Thrombolytic therapy has demonstrated superior clot breakdown compared with a combined treatment of heparin and warfarin. ¹³ Early benefits of thrombolytic therapy, aside from clot resolution, include improved right ventricular function and preservation of the diffusing capacity of the lung. ¹⁶ Thrombolytic therapy has also proven especially useful for preventing postthrombotic syndrome when used simultaneously for DVT lysis in the lower extremities. Postthrombotic syndrome is a long-term complication of DVT that involves issues caused by venous insufficiency. Postthrombotic syndrome results when DVT enlarges a vein, resulting in a decrease in venous wall contractility and damage to the valves. When a patient is standing, the patient’s venous pressure increases and the decreased contractility and incompetent valves cause the development of reflux and varicosities. Symptoms of postthrombotic syndrome include swelling, pain, discoloration, and ulceration. This syndrome significantly impairs the patient’s quality of life and occurs in 25% to 50% of patients with proximal DVT. ¹⁷ Recent studies showed a 72% lower extremity patency rate at 6 months in patients who underwent thrombolytic therapy versus 12% in anticoagulated patients. ¹⁸ Other long-term benefits of thrombolytic therapy include improvements in hemodynamic stability, decreases in recurrent PEs, maintenance of the patient’s pulmonary reserve, and, possibly, prevention of the development of pulmonary hypertension. ¹⁶ Contraindications for thrombolytic therapy include known bleeding issues, renal or hepatic failure, uncontrolled blood pressure, pregnancy, and recent stroke. ¹⁸

In cases where anticoagulation is contraindicated, or in patients experiencing recurring PEs despite adequate anticoagulation, a filter may be placed in the inferior vena cava to prevent future PEs.
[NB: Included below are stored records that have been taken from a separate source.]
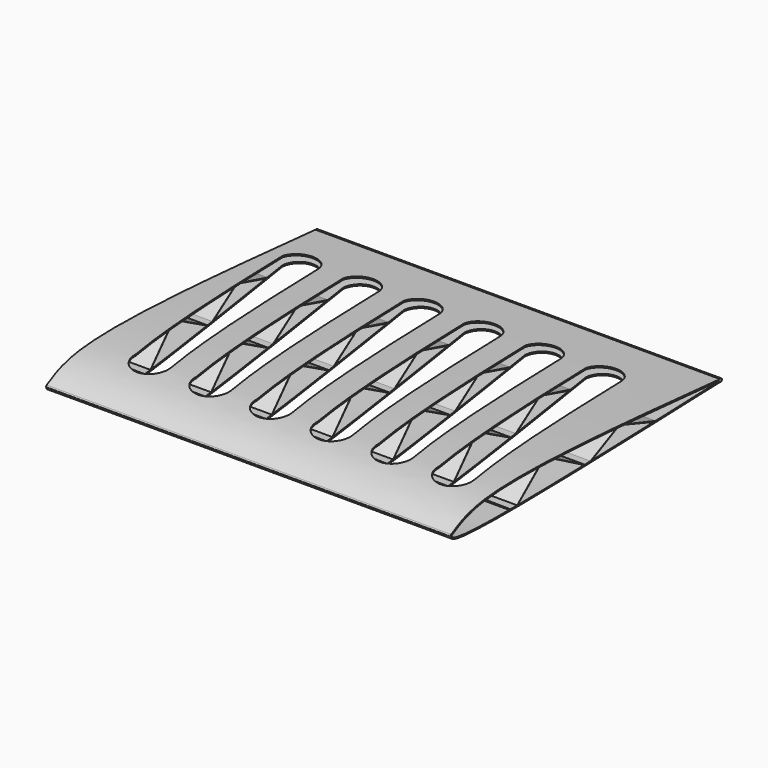
from build123d import *

# Parameters (mm, degrees)
F1_DEPTH      = 152.4
F3_DEPTH      = 152.4
F5_DEPTH      = 152.4
F7_DEPTH      = 152.4
F9_DEPTH      = 25.4
F9_DEPTH_BACK = 25.4


# Not quite as in the source:
# - the dataset's text gives a spline's control points without its knots; the knots are read off the source's solid


with BuildPart() as f1:
    # F0 (on Right) → F1 (new body)
    with BuildSketch(Plane.YZ):
        with BuildLine():
            add(Edge.make_bspline(
                [(-58.9602898603, 0.4442433921), (-58.1319828617, 0.9036602631), (-56.4650522891, 1.8284562183), (-53.665933112, 3.157433434), (-50.8685748203, 4.1483454801), (-48.2220596454, 4.8332931255), (-46.0009605563, 5.2847071379), (-43.505845475, 5.6643134941), (-39.7970976021, 6.0691924118), (-34.4832497676, 6.3982682422), (-27.1123389241, 6.536667424), (-16.089447743, 6.4144832315), (-0.3155135716, 5.7510734828), (21.0106659968, 4.3427449967), (43.935370548, 2.5263779626), (59.7506661768, 1.1795441585), (67.657842002, 0.5061678875)],
                knots=[0, 0, 0, 0, 0.0625, 0.125, 0.1875, 0.21875, 0.25, 0.28125, 0.3125, 0.375, 0.4375, 0.5, 0.625, 0.75, 0.875, 1, 1, 1, 1], degree=3))
            ThreePointArc((-58.9602898603, 0.4442433921), (-59.1623230661, 0.1771268563), (-59.1973622141, -0.1559510896))
            add(Edge.make_bspline(
                [(-59.1973622141, -0.1559510896), (-59.1586382603, -0.2760007197), (-59.0898574155, -0.4981328461), (-58.8919099657, -0.8348582239), (-58.6036542053, -1.1627799541), (-58.0769217377, -1.5065685431), (-57.1431398583, -1.8186205066), (-55.881573419, -2.082764659), (-53.7495870802, -2.3845446227), (-50.2565207316, -2.6781217899), (-44.8228964548, -2.9115194094), (-38.246663417, -3.0365419943), (-30.6295482411, -3.0633240776), (-19.223269712, -2.9812273008), (-2.8807115104, -2.682349235), (19.2331579069, -2.0882507198), (43.0156220319, -1.3372058258), (59.4265508418, -0.7842059692), (67.6318450558, -0.5077118308)],
                knots=[0, 0, 0, 0, 0.03125, 0.046875, 0.0625, 0.09375, 0.125, 0.15625, 0.1875, 0.25, 0.3125, 0.375, 0.4375, 0.5, 0.625, 0.75, 0.875, 1, 1, 1, 1], degree=3))
            ThreePointArc((67.6318450558, -0.5077118308), (68.5924443241, -0.0250694562), (67.657842002, 0.5061678875))
        make_face()
        with BuildLine():
            add(Edge.make_bspline(
                [(-58.7138921967, 0), (-58.5946909727, -0.3695403346), (-57.3555243321, -4.211127463), (8.2868285997, -1.9991749717), (67.6147366693, 0)],
                knots=[0, 0, 0, 0, 0.0961946865, 1, 1, 1, 1], degree=3))
            add(Edge.make_bspline(
                [(-58.7138921967, 0), (-55.1520692408, 1.9755495974), (-41.8991573794, 9.3262195537), (21.3582490553, 3.9392093748), (67.6147366693, 0)],
                knots=[0, 0, 0, 0, 0.2687577614, 1, 1, 1, 1], degree=3))
        make_face(mode=Mode.SUBTRACT)
    extrude(amount=F1_DEPTH)

    # F2 (on face) → F3 (join)
    with BuildSketch(Plane.YZ.offset(152.4)):
        Polygon((-42.8784973919, 5.4692113772), (-43.306030333, 5.4207709618), (-31.5003991127, -2.6227347553), (-30.8970212936, -2.6227347553), align=None)
    extrude(amount=-F3_DEPTH)

    # F4 (on face) → F5 (join)
    with BuildSketch(Plane.YZ.offset(152.4)):
        Polygon((-9.9641242996, 5.6611048058), (-10.1517588183, 5.6307056739), (3.7047350392, -1.9914695843), (4.0050991811, -1.9914695843), align=None)
        Polygon((-17.7478846163, 5.9763984755), (-27.9064550996, -2.5899412576), (-27.7177579701, -2.5948002003), (-17.4335390329, 5.9763984755), align=None)
    extrude(amount=-F5_DEPTH)

    # F6 (on face) → F7 (join)
    with BuildSketch(Plane.YZ.offset(152.4)):
        Polygon((19.0880838782, 4.061086569), (6.3000828959, -2.0995393861), (6.793865934, -2.1370307077), (19.4374024868, 4.061086569), align=None)
        Polygon((22.5569494069, 3.8362378255), (22.1231468022, 3.8362378255), (36.9006283581, -1.1861959938), (37.2741437614, -1.0062547589), align=None)
    extrude(amount=-F7_DEPTH)

    # F8 (on Top) → F9 (cut, two sides)
    with BuildSketch(Plane.XY) as f9_sk:
        with BuildLine():
            ThreePointArc((18.4947973731, 45.7572117448), (11.7873986866, 51.6837375641), (5.08, 45.7572117448))
            Line((5.08, 45.7572117448), (15.24, -36.119312048))
            ThreePointArc((15.24, -36.119312048), (21.9473986866, -43.7104705971), (28.6547973731, -36.119312048))
            Line((28.6547973731, -36.119312048), (18.4947973731, 45.7572117448))
        make_face()
        with BuildLine():
            Line((51.5147973731, -36.119312048), (41.3547973731, 45.7572117448))
            ThreePointArc((41.3547973731, 45.7572117448), (34.6473986866, 51.6837375641), (27.94, 45.7572117448))
            Line((27.94, 45.7572117448), (38.1, -36.119312048))
            ThreePointArc((38.1, -36.119312048), (44.8073986866, -43.7104705971), (51.5147973731, -36.119312048))
        make_face()
        with BuildLine():
            Line((74.3747973731, -36.119312048), (64.2147973731, 45.7572117448))
            ThreePointArc((64.2147973731, 45.7572117448), (57.5073986866, 51.6837375641), (50.8, 45.7572117448))
            Line((50.8, 45.7572117448), (60.96, -36.119312048))
            ThreePointArc((60.96, -36.119312048), (67.6673986866, -43.7104705971), (74.3747973731, -36.119312048))
        make_face()
        with BuildLine():
            Line((97.2347973731, -36.119312048), (87.0747973731, 45.7572117448))
            ThreePointArc((87.0747973731, 45.7572117448), (80.3673986866, 51.6837375641), (73.66, 45.7572117448))
            Line((73.66, 45.7572117448), (83.82, -36.119312048))
            ThreePointArc((83.82, -36.119312048), (90.5273986866, -43.7104705971), (97.2347973731, -36.119312048))
        make_face()
        with BuildLine():
            Line((120.0947973731, -36.119312048), (109.9347973731, 45.7572117448))
            ThreePointArc((109.9347973731, 45.7572117448), (103.2273986866, 51.6837375641), (96.52, 45.7572117448))
            Line((96.52, 45.7572117448), (106.68, -36.119312048))
            ThreePointArc((106.68, -36.119312048), (113.3873986866, -43.7104705971), (120.0947973731, -36.119312048))
        make_face()
        with BuildLine():
            Line((142.9547973731, -36.119312048), (132.7947973731, 45.7572117448))
            ThreePointArc((132.7947973731, 45.7572117448), (126.0873986866, 51.6837375641), (119.38, 45.7572117448))
            Line((119.38, 45.7572117448), (129.54, -36.119312048))
            ThreePointArc((129.54, -36.119312048), (136.2473986866, -43.7104705971), (142.9547973731, -36.119312048))
        make_face()
    extrude(amount=F9_DEPTH, mode=Mode.SUBTRACT)
    extrude(f9_sk.sketch, amount=-F9_DEPTH_BACK, mode=Mode.SUBTRACT)


solid = f1.part

Filters do not prevent or stop the blood from clotting, but because they are placed in the inferior vena cava below the level of the renal veins, they will stop any mobile thrombus from reaching the pulmonary circulation. ⁷ Recurrence of PE is three times more likely if the initial event was a PE and not DVT. Preventing recurrent PE is important as recurrent PE may cause chronic cardiopulmonary impairment. ¹⁵

A thorough clinical assessment and time are of the essence when treating patients presenting with potential PE symptoms. A patient’s outcome is dependent upon competency and cooperation between the medical team and the imaging departments. Accurate imaging is critical when PE is suspected, because both false-positive and false-negative results can have fatal consequences. The treatment used for PE, like all healthcare decisions, requires the weighing of risks and benefits. The severity of the PE typically dictates how it is treated; less severe cases are treated with anticoagulants and more severe cases are treated with thrombolytic therapy. In cases such as the patient described here, a prompt diagnosis and use of thrombolytic therapy can save lives and preserve the quality of life.